▶ What the task requires
How do the lines below between the ones holding "#12=(NAMED_UNIT(*) SI_UNIT($,.STERADIAN.) SOLID_ANGLE_UNIT());" and "#28=CARTESIAN_POINT('',(0.,1.7526,0.79375));", inclusive, read? Give them again exactly, with no other lines.
(Beginning of Data supplied)
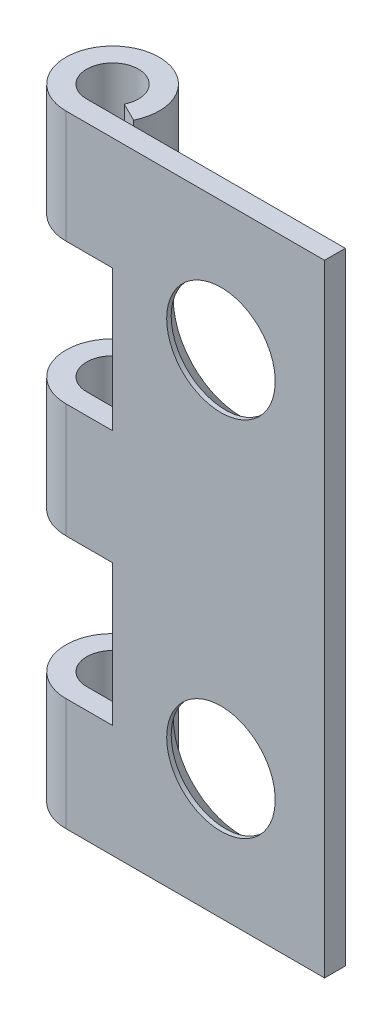
ISO-10303-21;
HEADER;
FILE_DESCRIPTION(('STEP AP214'),'2;1');
FILE_NAME('part.step','',(''),(''),'','','');
FILE_SCHEMA(('AUTOMOTIVE_DESIGN { 1 0 10303 214 1 1 1 1 }'));
ENDSEC;
DATA;
#1=APPLICATION_CONTEXT('core data for automotive mechanical design processes');
#2=APPLICATION_PROTOCOL_DEFINITION('international standard','automotive_design',2000,#1);
#3=PRODUCT_CONTEXT('',#1,'mechanical');
#4=PRODUCT('Part','Part','',(#3));
#5=PRODUCT_RELATED_PRODUCT_CATEGORY('part','',(#4));
#6=PRODUCT_DEFINITION_FORMATION('','',#4);
#7=PRODUCT_DEFINITION_CONTEXT('part definition',#1,'design');
#8=PRODUCT_DEFINITION('design','',#6,#7);
#9=PRODUCT_DEFINITION_SHAPE('','',#8);
#10=(LENGTH_UNIT() NAMED_UNIT(*) SI_UNIT(.MILLI.,.METRE.));
#11=(NAMED_UNIT(*) PLANE_ANGLE_UNIT() SI_UNIT($,.RADIAN.));
#12=(NAMED_UNIT(*) SI_UNIT($,.STERADIAN.) SOLID_ANGLE_UNIT());
#13=UNCERTAINTY_MEASURE_WITH_UNIT(LENGTH_MEASURE(1.E-05),#10,'distance_accuracy_value','');
#14=(GEOMETRIC_REPRESENTATION_CONTEXT(3) GLOBAL_UNCERTAINTY_ASSIGNED_CONTEXT((#13)) GLOBAL_UNIT_ASSIGNED_CONTEXT((#10,
#11,#12)) REPRESENTATION_CONTEXT('',''));
#15=CARTESIAN_POINT('',(0.,0.,0.));
#16=DIRECTION('',(0.,0.,1.));
#17=DIRECTION('',(1.,0.,0.));
#18=AXIS2_PLACEMENT_3D('',#15,#16,#17);
#19=CARTESIAN_POINT('',(0.,9.525,0.));
#20=DIRECTION('',(0.,-1.,0.));
#21=DIRECTION('',(0.,0.,-1.));
#22=AXIS2_PLACEMENT_3D('',#19,#20,#21);
#23=CYLINDRICAL_SURFACE('',#22,0.79375);
#24=DIRECTION('',(0.,-1.,0.));
#25=VECTOR('',#24,1.);
#26=CARTESIAN_POINT('',(0.,9.525,0.79375));
#27=LINE('',#26,#25);
#28=CARTESIAN_POINT('',(0.,1.7526,0.79375));
#29=VERTEX_POINT('',#28);
#30=CARTESIAN_POINT('',(0.,-1.7526,0.79375));
#31=VERTEX_POINT('',#30);
#32=EDGE_CURVE('E276',#29,#31,#27,.T.);
#33=ORIENTED_EDGE('',*,*,#32,.T.);
#34=CARTESIAN_POINT('',(0.,-1.7526,0.));
#35=DIRECTION('',(0.,1.,0.));
#36=DIRECTION('',(0.,0.,1.));
#37=AXIS2_PLACEMENT_3D('',#34,#35,#36);
#38=CIRCLE('',#37,0.79375);
#39=CARTESIAN_POINT('',(0.711046343079108,-1.7526,0.352777777777778));
#40=VERTEX_POINT('',#39);
#41=EDGE_CURVE('E189',#31,#40,#38,.F.);
#42=ORIENTED_EDGE('',*,*,#41,.T.);
#43=DIRECTION('',(0.,-1.,0.));
#44=VECTOR('',#43,1.);
#45=CARTESIAN_POINT('',(0.711046343079108,9.525,0.352777777777778));
#46=LINE('',#45,#44);
#47=CARTESIAN_POINT('',(0.711046343079108,1.7526,0.352777777777778));
#48=VERTEX_POINT('',#47);
#49=EDGE_CURVE('E297',#48,#40,#46,.T.);
#50=ORIENTED_EDGE('',*,*,#49,.F.);
#51=CARTESIAN_POINT('',(0.,1.7526,0.));
#52=DIRECTION('',(0.,-1.,0.));
#53=DIRECTION('',(0.,0.,-1.));
#54=AXIS2_PLACEMENT_3D('',#51,#52,#53);
#55=CIRCLE('',#54,0.79375);
#56=EDGE_CURVE('E207',#48,#29,#55,.F.);
#57=ORIENTED_EDGE('',*,*,#56,.T.);
#58=EDGE_LOOP('',(#33,#42,#50,#57));
#59=FACE_BOUND('',#58,.T.);
#60=ADVANCED_FACE('F33',(#59),#23,.F.);
#61=CARTESIAN_POINT('',(1.2798834175424,9.525,0.635));
#62=DIRECTION('',(0.444444444444444,0.,-0.895806416477617));
#63=DIRECTION('',(-0.895806416477617,0.,-0.444444444444444));
#64=AXIS2_PLACEMENT_3D('',#61,#62,#63);
#65=PLANE('',#64);
#66=ORIENTED_EDGE('',*,*,#49,.T.);
#67=DIRECTION('',(0.895806416477617,0.,0.444444444444444));
#68=VECTOR('',#67,1.);
#69=CARTESIAN_POINT('',(1.2798834175424,-1.7526,0.635));
#70=LINE('',#69,#68);
#71=CARTESIAN_POINT('',(1.2798834175424,-1.7526,0.635));
#72=VERTEX_POINT('',#71);
#73=EDGE_CURVE('E192',#40,#72,#70,.T.);
#74=ORIENTED_EDGE('',*,*,#73,.T.);
#75=DIRECTION('',(0.,-1.,0.));
#76=VECTOR('',#75,1.);
#77=CARTESIAN_POINT('',(1.2798834175424,9.525,0.635));
#78=LINE('',#77,#76);
#79=CARTESIAN_POINT('',(1.2798834175424,1.7526,0.635));
#80=VERTEX_POINT('',#79);
#81=EDGE_CURVE('E292',#80,#72,#78,.T.);
#82=ORIENTED_EDGE('',*,*,#81,.F.);
#83=DIRECTION('',(-0.895806416477617,0.,-0.444444444444444));
#84=VECTOR('',#83,1.);
#85=CARTESIAN_POINT('',(1.2798834175424,1.7526,0.635));
#86=LINE('',#85,#84);
#87=EDGE_CURVE('E211',#80,#48,#86,.T.);
#88=ORIENTED_EDGE('',*,*,#87,.T.);
#89=EDGE_LOOP('',(#66,#74,#82,#88));
#90=FACE_BOUND('',#89,.T.);
#91=ADVANCED_FACE('F320',(#90),#65,.F.);
#92=CARTESIAN_POINT('',(0.,9.525,0.));
#93=DIRECTION('',(0.,-1.,0.));
#94=DIRECTION('',(0.,0.,-1.));
#95=AXIS2_PLACEMENT_3D('',#92,#93,#94);
#96=CYLINDRICAL_SURFACE('',#95,1.42875);
#97=ORIENTED_EDGE('',*,*,#81,.T.);
#98=CARTESIAN_POINT('',(0.,-1.7526,0.));
#99=DIRECTION('',(0.,1.,0.));
#100=DIRECTION('',(0.,0.,1.));
#101=AXIS2_PLACEMENT_3D('',#98,#99,#100);
#102=CIRCLE('',#101,1.42875);
#103=CARTESIAN_POINT('',(0.,-1.7526,1.42875));
#104=VERTEX_POINT('',#103);
#105=EDGE_CURVE('E195',#72,#104,#102,.T.);
#106=ORIENTED_EDGE('',*,*,#105,.T.);
#107=DIRECTION('',(0.,-1.,0.));
#108=VECTOR('',#107,1.);
#109=CARTESIAN_POINT('',(0.,9.525,1.42875));
#110=LINE('',#109,#108);
#111=CARTESIAN_POINT('',(0.,1.7526,1.42875));
#112=VERTEX_POINT('',#111);
#113=EDGE_CURVE('E287',#112,#104,#110,.T.);
#114=ORIENTED_EDGE('',*,*,#113,.F.);
#115=CARTESIAN_POINT('',(0.,1.7526,0.));
#116=DIRECTION('',(0.,-1.,0.));
#117=DIRECTION('',(0.,0.,-1.));
#118=AXIS2_PLACEMENT_3D('',#115,#116,#117);
#119=CIRCLE('',#118,1.42875);
#120=EDGE_CURVE('E214',#112,#80,#119,.T.);
#121=ORIENTED_EDGE('',*,*,#120,.T.);
#122=EDGE_LOOP('',(#97,#106,#114,#121));
#123=FACE_BOUND('',#122,.T.);
#124=ADVANCED_FACE('F329',(#123),#96,.T.);
#125=CARTESIAN_POINT('',(0.,9.525,0.79375));
#126=VERTEX_POINT('',#125);
#127=CARTESIAN_POINT('',(0.,6.0706,0.79375));
#128=VERTEX_POINT('',#127);
#129=EDGE_CURVE('E272',#126,#128,#27,.T.);
#130=ORIENTED_EDGE('',*,*,#129,.T.);
#131=CARTESIAN_POINT('',(0.,6.0706,0.));
#132=DIRECTION('',(0.,1.,0.));
#133=DIRECTION('',(0.,0.,1.));
#134=AXIS2_PLACEMENT_3D('',#131,#132,#133);
#135=CIRCLE('',#134,0.79375);
#136=CARTESIAN_POINT('',(0.711046343079108,6.0706,0.352777777777778));
#137=VERTEX_POINT('',#136);
#138=EDGE_CURVE('E216',#128,#137,#135,.F.);
#139=ORIENTED_EDGE('',*,*,#138,.T.);
#140=CARTESIAN_POINT('',(0.711046343079108,9.525,0.352777777777778));
#141=VERTEX_POINT('',#140);
#142=EDGE_CURVE('E293',#141,#137,#46,.T.);
#143=ORIENTED_EDGE('',*,*,#142,.F.);
#144=CARTESIAN_POINT('',(0.,9.525,0.));
#145=DIRECTION('',(0.,-1.,0.));
#146=DIRECTION('',(0.,0.,1.));
#147=AXIS2_PLACEMENT_3D('',#144,#145,#146);
#148=CIRCLE('',#147,0.79375);
#149=EDGE_CURVE('E243',#126,#141,#148,.T.);
#150=ORIENTED_EDGE('',*,*,#149,.F.);
#151=EDGE_LOOP('',(#130,#139,#143,#150));
#152=FACE_BOUND('',#151,.T.);
#153=ADVANCED_FACE('F366',(#152),#23,.F.);
#154=ORIENTED_EDGE('',*,*,#142,.T.);
#155=DIRECTION('',(0.895806416477617,0.,0.444444444444444));
#156=VECTOR('',#155,1.);
#157=CARTESIAN_POINT('',(1.2798834175424,6.0706,0.635));
#158=LINE('',#157,#156);
#159=CARTESIAN_POINT('',(1.2798834175424,6.0706,0.635));
#160=VERTEX_POINT('',#159);
#161=EDGE_CURVE('E219',#137,#160,#158,.T.);
#162=ORIENTED_EDGE('',*,*,#161,.T.);
#163=CARTESIAN_POINT('',(1.2798834175424,9.525,0.635));
#164=VERTEX_POINT('',#163);
#165=EDGE_CURVE('E288',#164,#160,#78,.T.);
#166=ORIENTED_EDGE('',*,*,#165,.F.);
#167=DIRECTION('',(0.895806416477617,0.,0.444444444444444));
#168=VECTOR('',#167,1.);
#169=CARTESIAN_POINT('',(1.2798834175424,9.525,0.635));
#170=LINE('',#169,#168);
#171=EDGE_CURVE('E246',#141,#164,#170,.T.);
#172=ORIENTED_EDGE('',*,*,#171,.F.);
#173=EDGE_LOOP('',(#154,#162,#166,#172));
#174=FACE_BOUND('',#173,.T.);
#175=ADVANCED_FACE('F369',(#174),#65,.F.);
#176=ORIENTED_EDGE('',*,*,#165,.T.);
#177=CARTESIAN_POINT('',(0.,6.0706,0.));
#178=DIRECTION('',(0.,1.,0.));
#179=DIRECTION('',(0.,0.,1.));
#180=AXIS2_PLACEMENT_3D('',#177,#178,#179);
#181=CIRCLE('',#180,1.42875);
#182=CARTESIAN_POINT('',(0.,6.0706,1.42875));
#183=VERTEX_POINT('',#182);
#184=EDGE_CURVE('E222',#160,#183,#181,.T.);
#185=ORIENTED_EDGE('',*,*,#184,.T.);
#186=CARTESIAN_POINT('',(0.,9.525,1.42875));
#187=VERTEX_POINT('',#186);
#188=EDGE_CURVE('E283',#187,#183,#110,.T.);
#189=ORIENTED_EDGE('',*,*,#188,.F.);
#190=CARTESIAN_POINT('',(0.,9.525,0.));
#191=DIRECTION('',(0.,1.,0.));
#192=DIRECTION('',(0.,0.,1.));
#193=AXIS2_PLACEMENT_3D('',#190,#191,#192);
#194=CIRCLE('',#193,1.42875);
#195=EDGE_CURVE('E249',#164,#187,#194,.T.);
#196=ORIENTED_EDGE('',*,*,#195,.F.);
#197=EDGE_LOOP('',(#176,#185,#189,#196));
#198=FACE_BOUND('',#197,.T.);
#199=ADVANCED_FACE('F355',(#198),#96,.T.);
#200=CARTESIAN_POINT('',(0.711046343079108,-6.0706,0.352777777777778));
#201=VERTEX_POINT('',#200);
#202=CARTESIAN_POINT('',(0.711046343079108,-9.525,0.352777777777778));
#203=VERTEX_POINT('',#202);
#204=EDGE_CURVE('E291',#201,#203,#46,.T.);
#205=ORIENTED_EDGE('',*,*,#204,.F.);
#206=CARTESIAN_POINT('',(0.,-6.0706,0.));
#207=DIRECTION('',(0.,-1.,0.));
#208=DIRECTION('',(0.,0.,-1.));
#209=AXIS2_PLACEMENT_3D('',#206,#207,#208);
#210=CIRCLE('',#209,0.79375);
#211=CARTESIAN_POINT('',(0.,-6.0706,0.79375));
#212=VERTEX_POINT('',#211);
#213=EDGE_CURVE('E181',#201,#212,#210,.F.);
#214=ORIENTED_EDGE('',*,*,#213,.T.);
#215=CARTESIAN_POINT('',(0.,-9.525,0.79375));
#216=VERTEX_POINT('',#215);
#217=EDGE_CURVE('E257',#212,#216,#27,.T.);
#218=ORIENTED_EDGE('',*,*,#217,.T.);
#219=CARTESIAN_POINT('',(0.,-9.525,0.));
#220=DIRECTION('',(0.,-1.,0.));
#221=DIRECTION('',(0.,0.,1.));
#222=AXIS2_PLACEMENT_3D('',#219,#220,#221);
#223=CIRCLE('',#222,0.79375);
#224=EDGE_CURVE('E242',#216,#203,#223,.T.);
#225=ORIENTED_EDGE('',*,*,#224,.T.);
#226=EDGE_LOOP('',(#205,#214,#218,#225));
#227=FACE_BOUND('',#226,.T.);
#228=ADVANCED_FACE('F35',(#227),#23,.F.);
#229=CARTESIAN_POINT('',(1.2798834175424,-6.0706,0.635));
#230=VERTEX_POINT('',#229);
#231=CARTESIAN_POINT('',(1.2798834175424,-9.525,0.635));
#232=VERTEX_POINT('',#231);
#233=EDGE_CURVE('E286',#230,#232,#78,.T.);
#234=ORIENTED_EDGE('',*,*,#233,.F.);
#235=DIRECTION('',(-0.895806416477617,0.,-0.444444444444444));
#236=VECTOR('',#235,1.);
#237=CARTESIAN_POINT('',(1.2798834175424,-6.0706,0.635));
#238=LINE('',#237,#236);
#239=EDGE_CURVE('E185',#230,#201,#238,.T.);
#240=ORIENTED_EDGE('',*,*,#239,.T.);
#241=ORIENTED_EDGE('',*,*,#204,.T.);
#242=DIRECTION('',(0.895806416477617,0.,0.444444444444444));
#243=VECTOR('',#242,1.);
#244=CARTESIAN_POINT('',(1.2798834175424,-9.525,0.635));
#245=LINE('',#244,#243);
#246=EDGE_CURVE('E260',#203,#232,#245,.T.);
#247=ORIENTED_EDGE('',*,*,#246,.T.);
#248=EDGE_LOOP('',(#234,#240,#241,#247));
#249=FACE_BOUND('',#248,.T.);
#250=ADVANCED_FACE('F335',(#249),#65,.F.);
#251=CARTESIAN_POINT('',(0.,-6.0706,0.));
#252=DIRECTION('',(0.,-1.,0.));
#253=DIRECTION('',(0.,0.,-1.));
#254=AXIS2_PLACEMENT_3D('',#251,#252,#253);
#255=CIRCLE('',#254,1.42875);
#256=CARTESIAN_POINT('',(0.,-6.0706,1.42875));
#257=VERTEX_POINT('',#256);
#258=EDGE_CURVE('E159',#257,#230,#255,.T.);
#259=ORIENTED_EDGE('',*,*,#258,.T.);
#260=ORIENTED_EDGE('',*,*,#233,.T.);
#261=CARTESIAN_POINT('',(0.,-9.525,0.));
#262=DIRECTION('',(0.,1.,0.));
#263=DIRECTION('',(0.,0.,1.));
#264=AXIS2_PLACEMENT_3D('',#261,#262,#263);
#265=CIRCLE('',#264,1.42875);
#266=CARTESIAN_POINT('',(0.,-9.525,1.42875));
#267=VERTEX_POINT('',#266);
#268=EDGE_CURVE('E263',#232,#267,#265,.T.);
#269=ORIENTED_EDGE('',*,*,#268,.T.);
#270=EDGE_CURVE('E282',#257,#267,#110,.T.);
#271=ORIENTED_EDGE('',*,*,#270,.F.);
#272=EDGE_LOOP('',(#259,#260,#269,#271));
#273=FACE_BOUND('',#272,.T.);
#274=ADVANCED_FACE('F332',(#273),#96,.T.);
#275=CARTESIAN_POINT('',(7.9248,9.525,1.42875));
#276=DIRECTION('',(0.,0.,-1.));
#277=DIRECTION('',(-1.,0.,0.));
#278=AXIS2_PLACEMENT_3D('',#275,#276,#277);
#279=PLANE('',#278);
#280=CARTESIAN_POINT('',(4.7498,-5.55625,1.42875));
#281=DIRECTION('',(0.,0.,-1.));
#282=DIRECTION('',(-1.,0.,0.));
#283=AXIS2_PLACEMENT_3D('',#280,#281,#282);
#284=CIRCLE('',#283,1.6637);
#285=CARTESIAN_POINT('',(3.0861,-5.55625,1.42875));
#286=VERTEX_POINT('',#285);
#287=EDGE_CURVE('E224',#286,#286,#284,.T.);
#288=ORIENTED_EDGE('',*,*,#287,.T.);
#289=EDGE_LOOP('',(#288));
#290=FACE_BOUND('',#289,.T.);
#291=CARTESIAN_POINT('',(4.7498,5.55625,1.42875));
#292=DIRECTION('',(0.,0.,-1.));
#293=DIRECTION('',(-1.,0.,0.));
#294=AXIS2_PLACEMENT_3D('',#291,#292,#293);
#295=CIRCLE('',#294,1.6637);
#296=CARTESIAN_POINT('',(3.0861,5.55625,1.42875));
#297=VERTEX_POINT('',#296);
#298=EDGE_CURVE('E233',#297,#297,#295,.T.);
#299=ORIENTED_EDGE('',*,*,#298,.T.);
#300=EDGE_LOOP('',(#299));
#301=FACE_BOUND('',#300,.T.);
#302=ORIENTED_EDGE('',*,*,#113,.T.);
#303=DIRECTION('',(-1.,0.,0.));
#304=VECTOR('',#303,1.);
#305=CARTESIAN_POINT('',(-1.42875,-1.7526,1.42875));
#306=LINE('',#305,#304);
#307=CARTESIAN_POINT('',(1.42875,-1.7526,1.42875));
#308=VERTEX_POINT('',#307);
#309=EDGE_CURVE('E173',#308,#104,#306,.T.);
#310=ORIENTED_EDGE('',*,*,#309,.F.);
#311=DIRECTION('',(0.,1.,0.));
#312=VECTOR('',#311,1.);
#313=CARTESIAN_POINT('',(1.42875,-1.7526,1.42875));
#314=LINE('',#313,#312);
#315=CARTESIAN_POINT('',(1.42875,-6.0706,1.42875));
#316=VERTEX_POINT('',#315);
#317=EDGE_CURVE('E163',#316,#308,#314,.T.);
#318=ORIENTED_EDGE('',*,*,#317,.F.);
#319=DIRECTION('',(1.,0.,0.));
#320=VECTOR('',#319,1.);
#321=CARTESIAN_POINT('',(1.42875,-6.0706,1.42875));
#322=LINE('',#321,#320);
#323=EDGE_CURVE('E156',#257,#316,#322,.T.);
#324=ORIENTED_EDGE('',*,*,#323,.F.);
#325=ORIENTED_EDGE('',*,*,#270,.T.);
#326=DIRECTION('',(1.,0.,0.));
#327=VECTOR('',#326,1.);
#328=CARTESIAN_POINT('',(7.9248,-9.525,1.42875));
#329=LINE('',#328,#327);
#330=CARTESIAN_POINT('',(7.9248,-9.525,1.42875));
#331=VERTEX_POINT('',#330);
#332=EDGE_CURVE('E266',#267,#331,#329,.T.);
#333=ORIENTED_EDGE('',*,*,#332,.T.);
#334=DIRECTION('',(0.,-1.,0.));
#335=VECTOR('',#334,1.);
#336=CARTESIAN_POINT('',(7.9248,9.525,1.42875));
#337=LINE('',#336,#335);
#338=CARTESIAN_POINT('',(7.9248,9.525,1.42875));
#339=VERTEX_POINT('',#338);
#340=EDGE_CURVE('E279',#339,#331,#337,.T.);
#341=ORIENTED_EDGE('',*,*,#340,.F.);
(End of Data supplied)
▶ Solution for this task
#12=(NAMED_UNIT(*) SI_UNIT($,.STERADIAN.) SOLID_ANGLE_UNIT());
#13=UNCERTAINTY_MEASURE_WITH_UNIT(LENGTH_MEASURE(1.E-05),#10,'distance_accuracy_value','');
#14=(GEOMETRIC_REPRESENTATION_CONTEXT(3) GLOBAL_UNCERTAINTY_ASSIGNED_CONTEXT((#13)) GLOBAL_UNIT_ASSIGNED_CONTEXT((#10,
#11,#12)) REPRESENTATION_CONTEXT('',''));
#15=CARTESIAN_POINT('',(0.,0.,0.));
#16=DIRECTION('',(0.,0.,1.));
#17=DIRECTION('',(1.,0.,0.));
#18=AXIS2_PLACEMENT_3D('',#15,#16,#17);
#19=CARTESIAN_POINT('',(0.,9.525,0.));
#20=DIRECTION('',(0.,-1.,0.));
#21=DIRECTION('',(0.,0.,-1.));
#22=AXIS2_PLACEMENT_3D('',#19,#20,#21);
#23=CYLINDRICAL_SURFACE('',#22,0.79375);
#24=DIRECTION('',(0.,-1.,0.));
#25=VECTOR('',#24,1.);
#26=CARTESIAN_POINT('',(0.,9.525,0.79375));
#27=LINE('',#26,#25);
#28=CARTESIAN_POINT('',(0.,1.7526,0.79375));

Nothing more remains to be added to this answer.